# [Action item]
Beneath this task are records; print exactly the stretch of them from the line with "line L0 (-0.9949, 15.5369)" through the line with "arc A2 (0.4483, 14.5902)", both ends included.
--- START ---
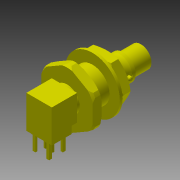
# Autodesk Inventor part: CJT-T-P-HH-RA-BH1
Saved by Autodesk Inventor 2014 SP2 (Build 180246200, 246)
## iProperties
Created: 2018-08-02
Part Number: CJT-T-P-HH-RA-BH1
Material: Generic
Catalog Web Link: www.cadenas.de
Description: CJT-BH Series-Circular RF Twinax Jack, Bulkhead Through-hole
Vendor: SAMTEC
Document SubType Name: Modeling
Designer: psadmin
Manufacturer: SAMTEC
Mass: 0.58128 g
Surface Area: 7.85862 cm^2
Volume: 0.58128 cm^3
Density: 1 g/cm^3
Appearance: PSOLRGB-255-255-0
Category: PARTsolutions
Company: SAMTEC
Title: CJT-T-P-HH-RA-BH1
Author: Cadenas PARTsolutions
Comments: Circular RF Twinax Jack, Bulkhead Through-hole
PSOL_IDENT_0: {$CADENAS_DATA\23d-libs\samtec\modelling\cjt\cjt-bh.prj},186 {VTYP=3D},{NB=CJT-T-P-HH-RA-BH1},{LINA=
PSOL_IDENT_1: CJT-T-P-HH-RA-BH1},{NN=CJT-BH Series},{DATE=26.10.2016 12:02:24},{GEOMDATE=19.09.2016 12:09:01},{VER
PSOL_IDENT_2: SION=},{LINEID=10},{WBVAR=PLOPT},{WBNUMERIC=}  {NB=CJT-T-P-HH-RA-BH1},{LINA=CJT-T-P-HH-RA-BH1},{KT=D
PSOL_IDENT_3: UMMY},{PN=CJT-T-P-HH-RA-BH1},{SERIES=CJT-BH},{GEN=-T: Terminal},{TYPE=-P: PCB},{PLOPT=HH},{PLOPTALG=
PSOL_IDENT_4: 'HH','-HH: Heavy Gold / Heavy Gold 30 µ\" Au / 50 µ\" Ni Min on Pin 30 µ\" Au / 50 µ\" Ni Min on Ou
PSOL_IDENT_5: ter Contact','GF','Non-standard option - Please contact SAMTEC: -GF: Gold / Flash Gold 10 µ\" Au / 5
PSOL_IDENT_6: 0 µ\" Ni Min on Pin 3 µ\" Au / 50 µ\" Ni Min on Outer Contact' },{ORI=-RA: Right Angle},{TERM=-BH1:
PSOL_IDENT_7: Bulkhead Through Hole}
NN: CJT-BH Series
NT: Circular RF Twinax Jack, Bulkhead Through-hole
NB: CJT-T-P-HH-RA-BH1
NBSYN: $PN.
LINA: CJT-T-P-HH-RA-BH1
PN: CJT-T-P-HH-RA-BH1
SERIES: CJT-BH
GEN: -T: Terminal
TYPE: -P: PCB
PLOPT: -HH: Heavy Gold / Heavy Gold 30 µ" Au / 50 µ" Ni Min on Pin 30 µ" Au / 50 µ" Ni Min on Outer Contact
ORI: -RA: Right Angle
TERM: -BH1: Bulkhead Through Hole
SUPPLIER: SAMTEC
ARTICLENO: CJT-T-P-HH-RA-BH1
BOMINFO: CJT-T-P-HH-RA-BH1
CREATOR: CADENAS GmbH
Autodesk Inventor part; units mm, degrees
ref_plane "YZ Plane" through (0, 0, 0) normal (1, 0, 0) x (0, 1, 0)
ref_plane "XZ Plane" through (0, 0, 0) normal (0, 1, 0) x (-1, 0, 0)
ref_plane "XY Plane" through (0, 0, 0) normal (0, 0, 1) x (1, 0, 0)
sketch "Sketch0" plane through (2.35, 0, 0) normal (1, 0, 0) x (0, 0, -1)
  line L0 (-2.417, -3.8772) -> (6.633, -3.8772)
  line L1 (6.633, -3.8772) -> (6.633, -0.1772)
  line L2 (6.633, -0.1772) -> (2.351, -0.1772)
  line L3 (2.351, -0.1772) -> (2.351, 0.8128)
  line L4 (2.351, 0.8128) -> (-2.417, 0.8128)
  line L5 (-2.417, 0.8128) -> (-2.417, -3.8772)
  constraints: 12 end point
extrude "Extrusion1" add sketch "Sketch0" against normal blind 4.7
sketch "Sketch2" plane through (0, 0, 0) normal (0, 0, 1) x (1, 0, 0)
  line L0 (-0.9949, 15.5369) -> (-0.4483, 14.5902)
  arc A0 (-0.38, 14.3352) -> (-0.4483, 14.5902) centre (-0.89, 14.3352) ccw
  line L1 (-0.38, 14.3352) -> (-0.38, 12.2628)
  arc A1 (-0.38, 12.2628) -> (0.38, 12.2628) centre (0, 12.2628) ccw
  line L2 (0.38, 12.2628) -> (0.38, 14.3352)
  arc A2 (0.4483, 14.5902) -> (0.38, 14.3352) centre (0.89, 14.3352) ccw
  line L3 (0.4483, 14.5902) -> (0.9949, 15.5369)
  line L4 (0.9949, 15.5369) -> (-0.9949, 15.5369)
  constraints: 10 end point, 6 point on circle, 3 centre point
sketch "Sketch1" plane through (0, 0, 0) normal (1, 0, 0) x (0, 0, -1)
  line L0 (0, 11.6728) -> (0, 0.8128)
  line L1 (0, 0.8128) -> (-2.35, 0.8128)
  line L2 (-2.35, 0.8128) -> (-2.35, 1.3128)
  line L3 (-2.35, 1.3128) -> (-5.05, 1.3128)
  line L4 (-5.05, 1.3128) -> (-5.3, 1.7458)
  line L5 (-5.3, 1.7458) -> (-5.3, 2.7128)
  line L6 (-5.3, 2.7128) -> (-4.867, 2.9628)
  line L7 (-4.867, 2.9628) -> (-4.025, 2.9628)
  line L8 (-4.025, 2.9628) -> (-4.025, 2.5678)
  line L9 (-4.025, 2.5678) -> (-3.175, 2.5678)
  line L10 (-3.175, 2.5678) -> (-3.175, 6.8128)
  line L11 (-3.175, 6.8128) -> (-4, 6.8128)
  line L12 (-4, 6.8128) -> (-4.6188, 7.1701)
  line L13 (-4.6188, 7.1701) -> (-4.6188, 8.4555)
  line L14 (-4.6188, 8.4555) -> (-4, 8.8128)
  line L15 (-4, 8.8128) -> (-2.35, 8.8128)
  line L16 (-2.35, 8.8128) -> (-2.35, 9.8878)
  arc A0 (-2.35, 9.8878) -> (-2.35, 11.0378) centre (-4.6766, 10.4628) ccw
  line L17 (-2.35, 11.0378) -> (-2.35, 11.6828)
  line L18 (-2.35, 11.6828) -> (-1.97, 11.6828)
  line L19 (-1.97, 11.6828) -> (-1.97, 14.9828)
  line L20 (-1.97, 14.9828) -> (-1.65, 14.9828)
  line L21 (-1.65, 14.9828) -> (-1.575, 14.5575)
  line L22 (-1.575, 14.5575) -> (-1.575, 11.6728)
  line L23 (-1.575, 11.6728) -> (0, 11.6728)
  line L24 (0, 11.6728) -> (0, 0.8128)
  constraints: 50 end point, 2 point on circle, 1 centre point
revolve "Revolution1" add sketch "Sketch1" angle 360 about axis through (0, 11.6728, 0) along (0, 1, 0)
sketch "Sketch3" plane through (0, 0, 0) normal (0, 0, 1) x (1, 0, 0)
  line L0 (0.635, 14.2828) -> (0.635, 11.6728)
  line L1 (0.635, 11.6728) -> (0.445, 11.6728)
  line L2 (0.445, 11.6728) -> (0.445, 14.0928)
  arc A0 (0.635, 14.2828) -> (0.445, 14.0928) centre (0.635, 14.0928) ccw
  line L3 (0.635, 14.2828) -> (0.635, 11.6728)
  constraints: 8 end point, 2 point on circle, 1 centre point
extrude "Extrusion2" cut sketch "Sketch2" against normal blind 1.97
sketch "Sketch4" plane through (0, 0, 0) normal (0, 0, 1) x (1, 0, 0)
  line L0 (-0.635, 14.2828) -> (-0.635, 11.6728)
  line L1 (-0.635, 11.6728) -> (-0.825, 11.6728)
  line L2 (-0.825, 11.6728) -> (-0.825, 14.0928)
  arc A0 (-0.635, 14.2828) -> (-0.825, 14.0928) centre (-0.635, 14.0928) ccw
  line L3 (-0.635, 14.2828) -> (-0.635, 11.6728)
  constraints: 8 end point, 2 point on circle, 1 centre point
revolve "Revolution2" add sketch "Sketch3" angle 360 about axis through (0.635, 14.2828, 0) along (0, 1, 0)
sketch "Sketch5" plane through (-2.2, 0, 0) normal (-1, 0, 0) x (0, 0, 1)
  circle A0 centre (0, 10.4628) radius 0.75
  constraints: 1 centre point
revolve "Revolution3" add sketch "Sketch4" angle 360 about axis through (-0.635, 14.2828, 0) along (0, 1, 0)
sketch "Sketch6" plane through (2.2, 0, 0) normal (1, 0, 0) x (0, 0, -1)
  circle A0 centre (0, 10.4628) radius 0.75
  constraints: 1 centre point
extrude "Extrusion3" cut sketch "Sketch5" along normal blind 0.15
sketch "Sketch7" plane through (0, 0, 0) normal (0, 0, 1) x (1, 0, 0)
  line L0 (2.79, 10.4628) -> (-2.79, 10.4628)
  line L1 (-2.79, 10.4628) -> (-2.79, 10.7128)
  line L2 (-2.79, 10.7128) -> (-2.69, 10.8128)
  line L3 (-2.69, 10.8128) -> (2.69, 10.8128)
  line L4 (2.69, 10.8128) -> (2.79, 10.7128)
  line L5 (2.79, 10.7128) -> (2.79, 10.4628)
  line L6 (2.79, 10.4628) -> (-2.79, 10.4628)
  constraints: 14 end point
extrude "Extrusion4" cut sketch "Sketch6" along normal blind 0.15
sketch "Sketch8" plane through (0, 2.9628, 0) normal (0, 1, 0) x (1, 0, 0)
  line L0 (-11.7464, 7.6127) -> (-11.7464, -9.9888)
  line L1 (-11.7464, -9.9888) -> (9.5951, -9.9888)
  line L2 (9.5951, -9.9888) -> (9.5951, 7.6127)
  line L3 (9.5951, 7.6127) -> (-11.7464, 7.6127)
  line L4 (-4.765, -2.7511) -> (0, -5.5021)
  line L5 (0, -5.5021) -> (4.765, -2.7511)
  line L6 (4.765, -2.7511) -> (4.765, 2.7511)
  line L7 (4.765, 2.7511) -> (0, 5.5021)
  line L8 (0, 5.5021) -> (-4.765, 2.7511)
  line L9 (-4.765, 2.7511) -> (-4.765, -2.7511)
  constraints: 20 end point
revolve "Revolution4" add sketch "Sketch7" angle 360 about axis through (2.79, 10.4628, 0) along (1, 0, 0)
sketch "Sketch9" plane through (0, 8.8128, 0) normal (0, 1, 0) x (1, 0, 0)
  line L0 (-10.8315, -11.6386) -> (13.3801, -11.6386)
  line L1 (13.3801, -11.6386) -> (13.3801, 10.789)
  line L2 (13.3801, 10.789) -> (-10.8315, 10.789)
  line L3 (-10.8315, 10.789) -> (-10.8315, -11.6386)
  line L4 (-4.6188, 0) -> (-2.3094, -4)
  line L5 (-2.3094, -4) -> (2.3094, -4)
  line L6 (2.3094, -4) -> (4.6188, 0)
  line L7 (4.6188, 0) -> (2.3094, 4)
  line L8 (2.3094, 4) -> (-2.3094, 4)
  line L9 (-2.3094, 4) -> (-4.6188, 0)
  constraints: 20 end point
extrude "Extrusion5" cut sketch "Sketch8" against normal blind 1.65
sketch "Sketch10" plane through (0, 0, -3.683) normal (0, 0, -1) x (-1, 0, 0)
  line L0 (-2.6213, -4.3652) -> (3.4207, -4.3652)
  line L1 (3.4207, -4.3652) -> (3.4207, 0.3295)
  line L2 (3.4207, 0.3295) -> (-2.6213, 0.3295)
  line L3 (-2.6213, 0.3295) -> (-2.6213, -4.3652)
  line L4 (0.89, -0.3772) -> (0.89, -0.7888)
  arc A0 (1.2384, -1.1372) -> (0.89, -0.7888) centre (0, -2.0272) ccw
  line L5 (1.2384, -1.1372) -> (1.65, -1.1372)
  line L6 (1.65, -1.1372) -> (1.65, -0.3772)
  line L7 (1.65, -0.3772) -> (0.89, -0.3772)
  line L8 (0.89, -3.6772) -> (1.65, -3.6772)
  line L9 (1.65, -3.6772) -> (1.65, -2.9172)
  line L10 (1.65, -2.9172) -> (1.2384, -2.9172)
  arc A1 (0.89, -3.2656) -> (1.2384, -2.9172) centre (0, -2.0272) ccw
  line L11 (0.89, -3.2656) -> (0.89, -3.6772)
  line L12 (-1.65, -0.3772) -> (-1.65, -1.1372)
  line L13 (-1.65, -1.1372) -> (-1.2384, -1.1372)
  arc A2 (-0.89, -0.7888) -> (-1.2384, -1.1372) centre (0, -2.0272) ccw
  line L14 (-0.89, -0.7888) -> (-0.89, -0.3772)
  line L15 (-0.89, -0.3772) -> (-1.65, -0.3772)
  line L16 (-1.65, -2.9172) -> (-1.65, -3.6772)
  line L17 (-1.65, -3.6772) -> (-0.89, -3.6772)
  line L18 (-0.89, -3.6772) -> (-0.89, -3.2656)
  arc A3 (-1.2384, -2.9172) -> (-0.89, -3.2656) centre (0, -2.0272) ccw
  line L19 (-1.2384, -2.9172) -> (-1.65, -2.9172)
  constraints: 40 end point, 8 point on circle, 4 centre point
extrude "Extrusion6" cut sketch "Sketch9" against normal blind 2
extrude "Extrusion7" cut sketch "Sketch10" along normal blind 0.25
sketch "Sketch11" plane through (0, 0, -3.683) normal (0, 0, -1) x (-1, 0, 0)
  circle A0 centre (-0.635, -2.0272) radius 0.255
  constraints: 1 centre point
sketch "Sketch12" plane through (0, 0, -3.933) normal (0, 0, -1) x (-1, 0, 0)
  line L0 (-2.434, -4.3856) -> (2.7387, -4.3856)
  line L1 (2.7387, -4.3856) -> (2.7387, -0.0557)
  line L2 (2.7387, -0.0557) -> (-2.434, -0.0557)
  line L3 (-2.434, -0.0557) -> (-2.434, -4.3856)
  line L4 (1.015, -0.5022) -> (1.015, -0.889)
  arc A0 (1.1382, -1.0122) -> (1.015, -0.889) centre (0, -2.0272) ccw
  line L5 (1.1382, -1.0122) -> (1.525, -1.0122)
  line L6 (1.525, -1.0122) -> (1.525, -0.5022)
  line L7 (1.525, -0.5022) -> (1.015, -0.5022)
  line L8 (1.015, -3.5522) -> (1.525, -3.5522)
  line L9 (1.525, -3.5522) -> (1.525, -3.0422)
  line L10 (1.525, -3.0422) -> (1.1382, -3.0422)
  arc A1 (1.015, -3.1654) -> (1.1382, -3.0422) centre (0, -2.0272) ccw
  line L11 (1.015, -3.1654) -> (1.015, -3.5522)
  line L12 (-1.525, -0.5022) -> (-1.525, -1.0122)
  line L13 (-1.525, -1.0122) -> (-1.1382, -1.0122)
  arc A2 (-1.015, -0.889) -> (-1.1382, -1.0122) centre (0, -2.0272) ccw
  line L14 (-1.015, -0.889) -> (-1.015, -0.5022)
  line L15 (-1.015, -0.5022) -> (-1.525, -0.5022)
  line L16 (-1.525, -3.0422) -> (-1.525, -3.5522)
  line L17 (-1.525, -3.5522) -> (-1.015, -3.5522)
  line L18 (-1.015, -3.5522) -> (-1.015, -3.1654)
  arc A3 (-1.1382, -3.0422) -> (-1.015, -3.1654) centre (0, -2.0272) ccw
  line L19 (-1.1382, -3.0422) -> (-1.525, -3.0422)
  constraints: 40 end point, 8 point on circle, 4 centre point
sketch "Sketch13" plane through (0, 0, 0) normal (0, 0, -1) x (-1, 0, 0)
  line L0 (0, 6.5128) -> (0, 6.0128)
  line L1 (0, 6.0128) -> (-5.075, 6.0128)
  line L2 (-5.075, 6.0128) -> (-5.075, 6.5128)
  line L3 (-5.075, 6.5128) -> (0, 6.5128)
  line L4 (0, 6.5128) -> (0, 6.0128)
  constraints: 10 end point
extrude "Extrusion8" cut sketch "Sketch12" along normal blind 2.7
extrude "Extrusion9" add sketch "Sketch11" along normal blind 2.7358
sketch "Sketch_1" plane through (0, 0, -3.683) normal (0, 0, -1) x (-1, 0, 0)
  circle A0 centre (0.635, -2.0272) radius 0.255
  constraints: 1 centre point
extrude "Extrusion10" add sketch "Sketch_1" along normal blind 2.7358
revolve "Revolution5" add sketch "Sketch13" angle 360 about axis through (0, 6.5128, 0) along (0, 1, 0)
body "Solid1"
--- END ---
# [Answer box]
  line L0 (-0.9949, 15.5369) -> (-0.4483, 14.5902)
  arc A0 (-0.38, 14.3352) -> (-0.4483, 14.5902) centre (-0.89, 14.3352) ccw
  line L1 (-0.38, 14.3352) -> (-0.38, 12.2628)
  arc A1 (-0.38, 12.2628) -> (0.38, 12.2628) centre (0, 12.2628) ccw
  line L2 (0.38, 12.2628) -> (0.38, 14.3352)
  arc A2 (0.4483, 14.5902) -> (0.38, 14.3352) centre (0.89, 14.3352) ccw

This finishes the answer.